Nine of the 23 players who gave Spain their first World Cup 2010 story came from the Barca academy, including players such as goalkeeper Pepe Reina and Cesc Fabregas, who succeed in the Premier League for Liverpool and Arsenal respectively. Barcelona live the golden age of child and youth soccer.
But behind Messi , Iniesta and Xavi there is the invisible work of dozens of anonymous people who make up the training structure of the boat, from coaches and scouts to educators. Only they know the years of effort and dedication behind the scenes and the number of youth who stay on the road until there emerges a figure like Messi.
The big teams in Europe or South America also have large quarries. The Argentine or Brazilian Santos River Plate and Boca Juniors practice of exporting live young talent to the league on the continent. are well known French academies of football training. Teams like Milan, Real Madrid and Liverpool also leading talent recruitment programs.
But it is strange to see a phenomenon like that of Barcelona, where they live in your template for many the best player in the world, Messi, and great players from different generations. All emerged from its own academy. Is there a formula for success? Barca have yours.
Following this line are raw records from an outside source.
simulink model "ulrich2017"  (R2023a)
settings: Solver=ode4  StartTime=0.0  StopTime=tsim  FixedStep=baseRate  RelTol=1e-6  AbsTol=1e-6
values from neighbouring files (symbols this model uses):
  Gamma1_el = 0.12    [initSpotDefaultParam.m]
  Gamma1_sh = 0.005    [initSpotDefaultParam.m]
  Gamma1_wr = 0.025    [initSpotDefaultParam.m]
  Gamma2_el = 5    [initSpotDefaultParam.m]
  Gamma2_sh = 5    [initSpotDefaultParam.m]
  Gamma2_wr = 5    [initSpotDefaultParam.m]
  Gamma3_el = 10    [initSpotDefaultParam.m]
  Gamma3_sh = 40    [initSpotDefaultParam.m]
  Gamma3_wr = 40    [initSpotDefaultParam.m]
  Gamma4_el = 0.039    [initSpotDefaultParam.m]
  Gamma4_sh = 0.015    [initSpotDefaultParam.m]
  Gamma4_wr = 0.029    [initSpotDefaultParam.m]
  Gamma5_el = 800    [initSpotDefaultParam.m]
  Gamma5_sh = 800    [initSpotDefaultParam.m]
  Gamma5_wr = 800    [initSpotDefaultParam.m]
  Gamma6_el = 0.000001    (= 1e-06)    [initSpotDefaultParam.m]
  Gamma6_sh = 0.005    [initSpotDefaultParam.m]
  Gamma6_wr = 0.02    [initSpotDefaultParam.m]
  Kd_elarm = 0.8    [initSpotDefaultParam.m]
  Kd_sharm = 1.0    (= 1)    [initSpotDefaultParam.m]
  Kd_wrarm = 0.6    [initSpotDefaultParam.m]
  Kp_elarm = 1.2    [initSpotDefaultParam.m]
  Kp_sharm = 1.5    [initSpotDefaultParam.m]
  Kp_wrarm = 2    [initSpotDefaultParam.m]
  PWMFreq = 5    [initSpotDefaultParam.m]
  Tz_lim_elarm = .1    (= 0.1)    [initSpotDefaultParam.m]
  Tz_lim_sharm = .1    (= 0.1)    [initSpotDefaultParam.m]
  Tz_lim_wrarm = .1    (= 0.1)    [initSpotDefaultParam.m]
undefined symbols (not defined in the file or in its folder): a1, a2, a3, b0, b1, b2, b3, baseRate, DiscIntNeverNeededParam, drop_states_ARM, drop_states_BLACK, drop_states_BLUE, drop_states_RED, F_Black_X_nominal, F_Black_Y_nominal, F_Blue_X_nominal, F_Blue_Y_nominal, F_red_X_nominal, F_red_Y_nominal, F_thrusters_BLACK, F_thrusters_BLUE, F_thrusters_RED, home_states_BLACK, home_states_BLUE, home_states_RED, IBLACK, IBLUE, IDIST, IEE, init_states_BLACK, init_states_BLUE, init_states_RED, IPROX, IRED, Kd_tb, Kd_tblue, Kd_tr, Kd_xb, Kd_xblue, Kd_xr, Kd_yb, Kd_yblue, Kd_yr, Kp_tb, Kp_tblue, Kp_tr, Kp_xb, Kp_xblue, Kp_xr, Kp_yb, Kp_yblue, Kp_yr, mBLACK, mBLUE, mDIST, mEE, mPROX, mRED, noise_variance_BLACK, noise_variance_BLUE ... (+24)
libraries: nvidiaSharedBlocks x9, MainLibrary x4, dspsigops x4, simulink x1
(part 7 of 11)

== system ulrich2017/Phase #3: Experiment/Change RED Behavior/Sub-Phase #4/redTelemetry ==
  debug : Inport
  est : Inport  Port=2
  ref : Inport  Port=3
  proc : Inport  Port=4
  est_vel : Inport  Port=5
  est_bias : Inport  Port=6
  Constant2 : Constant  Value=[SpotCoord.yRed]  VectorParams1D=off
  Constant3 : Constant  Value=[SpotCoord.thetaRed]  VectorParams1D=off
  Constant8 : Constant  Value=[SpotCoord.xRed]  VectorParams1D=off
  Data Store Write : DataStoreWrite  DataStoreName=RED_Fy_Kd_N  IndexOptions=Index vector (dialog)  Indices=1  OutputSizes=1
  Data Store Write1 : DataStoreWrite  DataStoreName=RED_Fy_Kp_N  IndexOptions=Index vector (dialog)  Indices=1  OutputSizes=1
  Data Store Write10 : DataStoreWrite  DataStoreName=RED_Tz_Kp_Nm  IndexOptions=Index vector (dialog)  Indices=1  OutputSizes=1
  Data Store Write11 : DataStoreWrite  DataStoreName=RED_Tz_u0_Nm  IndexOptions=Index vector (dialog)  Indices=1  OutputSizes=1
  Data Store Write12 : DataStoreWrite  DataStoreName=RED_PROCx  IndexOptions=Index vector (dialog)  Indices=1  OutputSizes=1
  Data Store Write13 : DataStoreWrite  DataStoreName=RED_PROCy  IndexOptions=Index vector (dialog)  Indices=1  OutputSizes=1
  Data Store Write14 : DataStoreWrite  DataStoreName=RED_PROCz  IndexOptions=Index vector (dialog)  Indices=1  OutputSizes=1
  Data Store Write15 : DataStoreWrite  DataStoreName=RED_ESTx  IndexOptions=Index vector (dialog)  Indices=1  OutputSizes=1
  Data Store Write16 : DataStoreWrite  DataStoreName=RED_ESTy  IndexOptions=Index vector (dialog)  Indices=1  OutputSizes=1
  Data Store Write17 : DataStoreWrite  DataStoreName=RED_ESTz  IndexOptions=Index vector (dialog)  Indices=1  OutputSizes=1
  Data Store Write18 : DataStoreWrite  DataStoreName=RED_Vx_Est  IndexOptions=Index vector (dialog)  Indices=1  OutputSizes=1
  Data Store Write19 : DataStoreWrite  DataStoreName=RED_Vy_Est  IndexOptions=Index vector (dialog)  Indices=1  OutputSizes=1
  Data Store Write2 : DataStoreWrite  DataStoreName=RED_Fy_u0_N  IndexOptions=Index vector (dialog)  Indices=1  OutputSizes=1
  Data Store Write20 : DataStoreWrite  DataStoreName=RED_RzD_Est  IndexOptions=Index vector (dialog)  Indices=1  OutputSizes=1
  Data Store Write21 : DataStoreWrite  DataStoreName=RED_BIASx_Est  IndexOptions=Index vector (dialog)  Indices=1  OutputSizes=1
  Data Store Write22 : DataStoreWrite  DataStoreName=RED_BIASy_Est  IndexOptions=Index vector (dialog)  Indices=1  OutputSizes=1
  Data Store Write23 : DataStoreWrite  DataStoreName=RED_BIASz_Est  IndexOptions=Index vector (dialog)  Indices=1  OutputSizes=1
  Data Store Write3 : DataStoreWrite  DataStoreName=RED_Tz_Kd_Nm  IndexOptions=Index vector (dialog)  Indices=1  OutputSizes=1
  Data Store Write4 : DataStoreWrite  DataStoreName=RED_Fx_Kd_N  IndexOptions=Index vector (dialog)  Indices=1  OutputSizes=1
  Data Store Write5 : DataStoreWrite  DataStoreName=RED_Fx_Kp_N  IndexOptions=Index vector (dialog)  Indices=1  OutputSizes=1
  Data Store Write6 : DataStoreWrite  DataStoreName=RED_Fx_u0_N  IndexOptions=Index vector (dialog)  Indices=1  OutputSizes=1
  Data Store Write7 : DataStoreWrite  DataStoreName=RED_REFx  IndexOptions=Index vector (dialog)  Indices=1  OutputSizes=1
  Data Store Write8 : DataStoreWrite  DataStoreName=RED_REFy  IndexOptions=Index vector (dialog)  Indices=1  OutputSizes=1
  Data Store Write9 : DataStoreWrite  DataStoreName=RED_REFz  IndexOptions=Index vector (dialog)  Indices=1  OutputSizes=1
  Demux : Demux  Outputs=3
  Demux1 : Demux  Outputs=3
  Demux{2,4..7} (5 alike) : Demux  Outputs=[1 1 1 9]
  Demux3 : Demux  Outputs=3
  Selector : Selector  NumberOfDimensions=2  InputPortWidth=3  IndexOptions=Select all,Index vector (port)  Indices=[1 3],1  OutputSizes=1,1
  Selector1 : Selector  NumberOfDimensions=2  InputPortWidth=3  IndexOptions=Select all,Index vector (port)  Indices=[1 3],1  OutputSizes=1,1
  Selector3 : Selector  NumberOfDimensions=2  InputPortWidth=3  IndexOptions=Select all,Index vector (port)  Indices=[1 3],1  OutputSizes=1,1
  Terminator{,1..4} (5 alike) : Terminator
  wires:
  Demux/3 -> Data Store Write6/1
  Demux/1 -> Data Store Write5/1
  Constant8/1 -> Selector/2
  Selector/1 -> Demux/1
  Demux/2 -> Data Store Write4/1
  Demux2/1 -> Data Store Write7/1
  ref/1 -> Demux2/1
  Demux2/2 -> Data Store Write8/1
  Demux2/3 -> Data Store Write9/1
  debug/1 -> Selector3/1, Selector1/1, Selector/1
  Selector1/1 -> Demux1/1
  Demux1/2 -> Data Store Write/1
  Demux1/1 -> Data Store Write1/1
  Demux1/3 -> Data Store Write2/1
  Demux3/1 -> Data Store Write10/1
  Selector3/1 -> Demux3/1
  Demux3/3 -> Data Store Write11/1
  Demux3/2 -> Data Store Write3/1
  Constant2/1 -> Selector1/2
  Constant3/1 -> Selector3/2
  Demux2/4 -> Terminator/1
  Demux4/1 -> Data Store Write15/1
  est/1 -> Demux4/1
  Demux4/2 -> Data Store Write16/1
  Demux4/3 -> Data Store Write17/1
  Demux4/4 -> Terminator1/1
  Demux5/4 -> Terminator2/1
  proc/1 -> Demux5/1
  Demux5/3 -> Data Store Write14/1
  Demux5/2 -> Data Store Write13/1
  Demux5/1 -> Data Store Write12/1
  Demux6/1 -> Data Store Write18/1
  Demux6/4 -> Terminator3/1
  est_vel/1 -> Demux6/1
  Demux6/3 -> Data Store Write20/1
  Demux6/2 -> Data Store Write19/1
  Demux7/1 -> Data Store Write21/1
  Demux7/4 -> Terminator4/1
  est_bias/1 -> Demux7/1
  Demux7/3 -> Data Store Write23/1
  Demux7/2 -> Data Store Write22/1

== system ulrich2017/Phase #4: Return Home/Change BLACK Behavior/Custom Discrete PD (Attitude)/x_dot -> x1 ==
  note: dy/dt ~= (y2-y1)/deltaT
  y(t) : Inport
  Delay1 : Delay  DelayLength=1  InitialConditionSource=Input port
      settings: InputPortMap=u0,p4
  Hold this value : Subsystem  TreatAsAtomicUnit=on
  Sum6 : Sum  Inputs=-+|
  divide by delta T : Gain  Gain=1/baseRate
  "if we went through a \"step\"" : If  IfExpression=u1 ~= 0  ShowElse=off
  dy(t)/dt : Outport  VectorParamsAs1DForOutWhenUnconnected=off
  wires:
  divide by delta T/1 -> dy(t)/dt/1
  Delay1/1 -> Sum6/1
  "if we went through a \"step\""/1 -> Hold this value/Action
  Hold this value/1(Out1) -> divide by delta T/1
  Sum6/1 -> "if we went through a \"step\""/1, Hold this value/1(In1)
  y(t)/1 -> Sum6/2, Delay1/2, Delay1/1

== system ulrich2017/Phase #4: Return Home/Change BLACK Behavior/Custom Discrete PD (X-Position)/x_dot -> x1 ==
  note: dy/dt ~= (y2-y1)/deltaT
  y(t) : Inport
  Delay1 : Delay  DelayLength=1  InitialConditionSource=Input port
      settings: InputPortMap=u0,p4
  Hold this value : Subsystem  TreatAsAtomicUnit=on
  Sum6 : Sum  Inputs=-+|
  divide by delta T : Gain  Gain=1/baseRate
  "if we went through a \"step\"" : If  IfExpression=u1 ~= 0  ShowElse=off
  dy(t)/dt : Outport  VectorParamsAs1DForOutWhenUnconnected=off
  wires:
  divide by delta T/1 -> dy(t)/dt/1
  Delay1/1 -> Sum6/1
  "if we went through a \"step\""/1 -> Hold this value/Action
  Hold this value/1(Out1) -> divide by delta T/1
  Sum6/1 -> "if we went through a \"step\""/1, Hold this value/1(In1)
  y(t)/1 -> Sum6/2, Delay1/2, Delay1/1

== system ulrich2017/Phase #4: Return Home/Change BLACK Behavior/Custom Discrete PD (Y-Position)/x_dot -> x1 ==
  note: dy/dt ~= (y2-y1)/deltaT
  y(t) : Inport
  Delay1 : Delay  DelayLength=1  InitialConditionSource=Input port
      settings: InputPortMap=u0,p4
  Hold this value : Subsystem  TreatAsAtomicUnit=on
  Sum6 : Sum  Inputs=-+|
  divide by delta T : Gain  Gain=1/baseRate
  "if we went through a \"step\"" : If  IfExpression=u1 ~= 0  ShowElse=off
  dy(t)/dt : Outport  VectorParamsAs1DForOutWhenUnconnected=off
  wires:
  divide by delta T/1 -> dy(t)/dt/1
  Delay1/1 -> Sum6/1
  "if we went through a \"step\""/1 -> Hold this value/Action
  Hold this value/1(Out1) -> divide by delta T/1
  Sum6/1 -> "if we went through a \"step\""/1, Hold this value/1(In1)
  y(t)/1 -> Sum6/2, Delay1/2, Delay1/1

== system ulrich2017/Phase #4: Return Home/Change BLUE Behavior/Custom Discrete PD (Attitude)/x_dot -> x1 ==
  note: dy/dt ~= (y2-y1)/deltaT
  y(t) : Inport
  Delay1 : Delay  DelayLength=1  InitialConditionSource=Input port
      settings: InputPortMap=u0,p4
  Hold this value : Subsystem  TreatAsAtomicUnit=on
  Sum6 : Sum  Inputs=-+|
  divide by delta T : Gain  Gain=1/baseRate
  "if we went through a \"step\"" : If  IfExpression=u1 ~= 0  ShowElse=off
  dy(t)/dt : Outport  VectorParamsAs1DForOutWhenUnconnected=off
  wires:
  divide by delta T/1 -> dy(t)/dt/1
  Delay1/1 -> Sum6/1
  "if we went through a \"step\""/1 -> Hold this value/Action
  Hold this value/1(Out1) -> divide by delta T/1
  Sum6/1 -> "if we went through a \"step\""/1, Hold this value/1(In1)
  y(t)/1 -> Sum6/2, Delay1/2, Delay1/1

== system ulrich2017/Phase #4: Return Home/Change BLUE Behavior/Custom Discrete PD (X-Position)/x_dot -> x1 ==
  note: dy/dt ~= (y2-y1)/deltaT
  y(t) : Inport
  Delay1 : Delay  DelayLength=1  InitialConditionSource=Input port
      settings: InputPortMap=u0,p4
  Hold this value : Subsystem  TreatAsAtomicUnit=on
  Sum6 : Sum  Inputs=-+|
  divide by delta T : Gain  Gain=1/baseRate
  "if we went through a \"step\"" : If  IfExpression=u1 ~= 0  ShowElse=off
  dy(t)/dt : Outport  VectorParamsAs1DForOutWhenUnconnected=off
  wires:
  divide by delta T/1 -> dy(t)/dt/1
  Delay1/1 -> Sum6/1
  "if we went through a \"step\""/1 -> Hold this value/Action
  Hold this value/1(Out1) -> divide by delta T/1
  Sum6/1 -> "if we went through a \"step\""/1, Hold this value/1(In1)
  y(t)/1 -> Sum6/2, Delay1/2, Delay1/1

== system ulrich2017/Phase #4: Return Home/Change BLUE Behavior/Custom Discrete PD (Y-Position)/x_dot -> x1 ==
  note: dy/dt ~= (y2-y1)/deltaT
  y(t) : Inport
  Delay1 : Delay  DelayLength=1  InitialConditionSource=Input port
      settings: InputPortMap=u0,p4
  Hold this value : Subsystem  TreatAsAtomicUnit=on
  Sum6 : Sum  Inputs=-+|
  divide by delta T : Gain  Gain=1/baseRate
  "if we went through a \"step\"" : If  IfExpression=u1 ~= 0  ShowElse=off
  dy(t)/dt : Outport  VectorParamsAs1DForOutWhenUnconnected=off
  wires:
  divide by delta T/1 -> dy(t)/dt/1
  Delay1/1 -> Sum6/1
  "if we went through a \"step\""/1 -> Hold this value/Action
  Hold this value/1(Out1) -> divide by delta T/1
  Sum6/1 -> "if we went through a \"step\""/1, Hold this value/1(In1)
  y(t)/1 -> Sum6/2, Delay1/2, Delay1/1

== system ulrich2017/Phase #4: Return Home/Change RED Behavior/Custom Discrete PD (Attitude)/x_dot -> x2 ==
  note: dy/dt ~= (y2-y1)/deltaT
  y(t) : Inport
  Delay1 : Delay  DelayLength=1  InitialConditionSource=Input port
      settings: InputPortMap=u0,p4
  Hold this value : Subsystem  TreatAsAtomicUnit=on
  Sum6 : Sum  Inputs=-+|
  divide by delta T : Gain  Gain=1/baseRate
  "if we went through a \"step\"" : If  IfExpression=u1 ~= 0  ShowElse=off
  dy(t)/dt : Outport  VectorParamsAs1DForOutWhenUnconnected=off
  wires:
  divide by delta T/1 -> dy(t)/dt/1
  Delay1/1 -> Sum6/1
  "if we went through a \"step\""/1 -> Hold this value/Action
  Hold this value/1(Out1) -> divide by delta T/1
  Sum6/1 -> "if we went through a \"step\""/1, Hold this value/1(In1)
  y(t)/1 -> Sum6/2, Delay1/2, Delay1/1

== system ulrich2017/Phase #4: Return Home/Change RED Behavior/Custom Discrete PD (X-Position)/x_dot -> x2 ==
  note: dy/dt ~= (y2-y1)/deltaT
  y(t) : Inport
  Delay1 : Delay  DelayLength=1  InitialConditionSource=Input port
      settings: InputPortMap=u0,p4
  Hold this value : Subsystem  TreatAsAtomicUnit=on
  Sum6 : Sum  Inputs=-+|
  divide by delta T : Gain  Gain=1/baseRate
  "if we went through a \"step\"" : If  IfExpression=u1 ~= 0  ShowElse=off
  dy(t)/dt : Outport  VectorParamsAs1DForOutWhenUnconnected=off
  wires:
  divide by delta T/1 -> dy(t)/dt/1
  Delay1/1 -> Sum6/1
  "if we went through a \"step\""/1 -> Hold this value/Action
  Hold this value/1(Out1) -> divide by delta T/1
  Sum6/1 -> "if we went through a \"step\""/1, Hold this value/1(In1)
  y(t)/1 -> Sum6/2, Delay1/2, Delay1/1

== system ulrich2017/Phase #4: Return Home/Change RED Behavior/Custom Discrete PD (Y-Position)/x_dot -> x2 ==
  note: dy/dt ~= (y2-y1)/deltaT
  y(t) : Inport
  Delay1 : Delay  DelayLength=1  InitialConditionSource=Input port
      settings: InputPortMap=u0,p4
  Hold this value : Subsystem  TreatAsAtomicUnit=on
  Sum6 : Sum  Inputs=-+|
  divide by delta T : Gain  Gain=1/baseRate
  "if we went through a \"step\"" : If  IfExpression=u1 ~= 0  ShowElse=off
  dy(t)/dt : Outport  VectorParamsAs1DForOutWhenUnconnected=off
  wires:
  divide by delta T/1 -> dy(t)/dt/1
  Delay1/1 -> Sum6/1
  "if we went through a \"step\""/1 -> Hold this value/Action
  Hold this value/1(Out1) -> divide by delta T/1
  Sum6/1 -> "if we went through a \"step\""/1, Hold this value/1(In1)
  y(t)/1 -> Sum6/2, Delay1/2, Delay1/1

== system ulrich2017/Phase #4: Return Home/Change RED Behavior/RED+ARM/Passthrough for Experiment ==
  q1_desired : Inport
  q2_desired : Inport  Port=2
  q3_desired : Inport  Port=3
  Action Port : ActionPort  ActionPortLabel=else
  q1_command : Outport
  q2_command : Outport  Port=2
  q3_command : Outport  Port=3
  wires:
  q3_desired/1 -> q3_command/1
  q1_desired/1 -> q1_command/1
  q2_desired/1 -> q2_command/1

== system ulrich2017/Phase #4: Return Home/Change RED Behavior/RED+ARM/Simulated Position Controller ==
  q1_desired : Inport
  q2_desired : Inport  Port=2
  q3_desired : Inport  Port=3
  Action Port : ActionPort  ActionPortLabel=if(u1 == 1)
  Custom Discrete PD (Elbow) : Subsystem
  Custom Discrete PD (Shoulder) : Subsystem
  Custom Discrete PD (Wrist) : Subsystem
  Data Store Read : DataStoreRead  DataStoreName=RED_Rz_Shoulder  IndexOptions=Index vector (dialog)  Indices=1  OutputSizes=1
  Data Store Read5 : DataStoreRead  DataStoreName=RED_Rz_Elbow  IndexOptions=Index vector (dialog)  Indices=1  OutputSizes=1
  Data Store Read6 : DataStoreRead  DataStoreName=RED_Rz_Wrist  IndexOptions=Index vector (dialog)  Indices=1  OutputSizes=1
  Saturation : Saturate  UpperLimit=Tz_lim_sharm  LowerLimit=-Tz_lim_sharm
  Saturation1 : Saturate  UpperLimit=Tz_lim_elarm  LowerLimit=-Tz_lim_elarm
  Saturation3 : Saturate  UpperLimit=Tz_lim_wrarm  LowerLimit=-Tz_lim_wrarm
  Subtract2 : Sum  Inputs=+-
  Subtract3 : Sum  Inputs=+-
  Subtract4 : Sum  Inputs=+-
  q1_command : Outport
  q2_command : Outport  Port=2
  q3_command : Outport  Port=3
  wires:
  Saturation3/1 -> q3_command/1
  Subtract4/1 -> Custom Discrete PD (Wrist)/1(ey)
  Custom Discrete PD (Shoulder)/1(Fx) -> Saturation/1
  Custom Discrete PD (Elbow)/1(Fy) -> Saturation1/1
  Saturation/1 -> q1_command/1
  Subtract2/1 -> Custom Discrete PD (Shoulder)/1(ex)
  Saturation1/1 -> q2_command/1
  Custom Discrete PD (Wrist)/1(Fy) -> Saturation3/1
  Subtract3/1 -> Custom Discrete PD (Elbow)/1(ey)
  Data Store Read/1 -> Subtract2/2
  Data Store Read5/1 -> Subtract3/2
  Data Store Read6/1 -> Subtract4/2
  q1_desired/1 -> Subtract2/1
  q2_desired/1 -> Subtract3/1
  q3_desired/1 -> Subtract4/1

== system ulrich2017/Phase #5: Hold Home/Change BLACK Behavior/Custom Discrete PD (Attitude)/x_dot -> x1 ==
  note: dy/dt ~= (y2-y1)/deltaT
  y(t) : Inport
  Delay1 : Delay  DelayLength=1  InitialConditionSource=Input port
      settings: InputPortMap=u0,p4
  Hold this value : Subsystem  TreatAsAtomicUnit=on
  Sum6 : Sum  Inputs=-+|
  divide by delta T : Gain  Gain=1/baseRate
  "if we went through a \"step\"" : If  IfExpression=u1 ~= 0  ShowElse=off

On the one hand, an undeniable football idea, based on an identical game system shared by all teams, from youngest to oldest.
Furthermore, capital values for the formation of his players: happiness, sacrifice and humility. And the two concepts are inextricably linked to confidence. "What young people need are opportunities. Everyone needs time. That being equal, they bet more on the player home, than outside," summarized the former Barça player, Guillermo Amor "Los Xavi or Iniesta take 10 years to get where they have come, "he said.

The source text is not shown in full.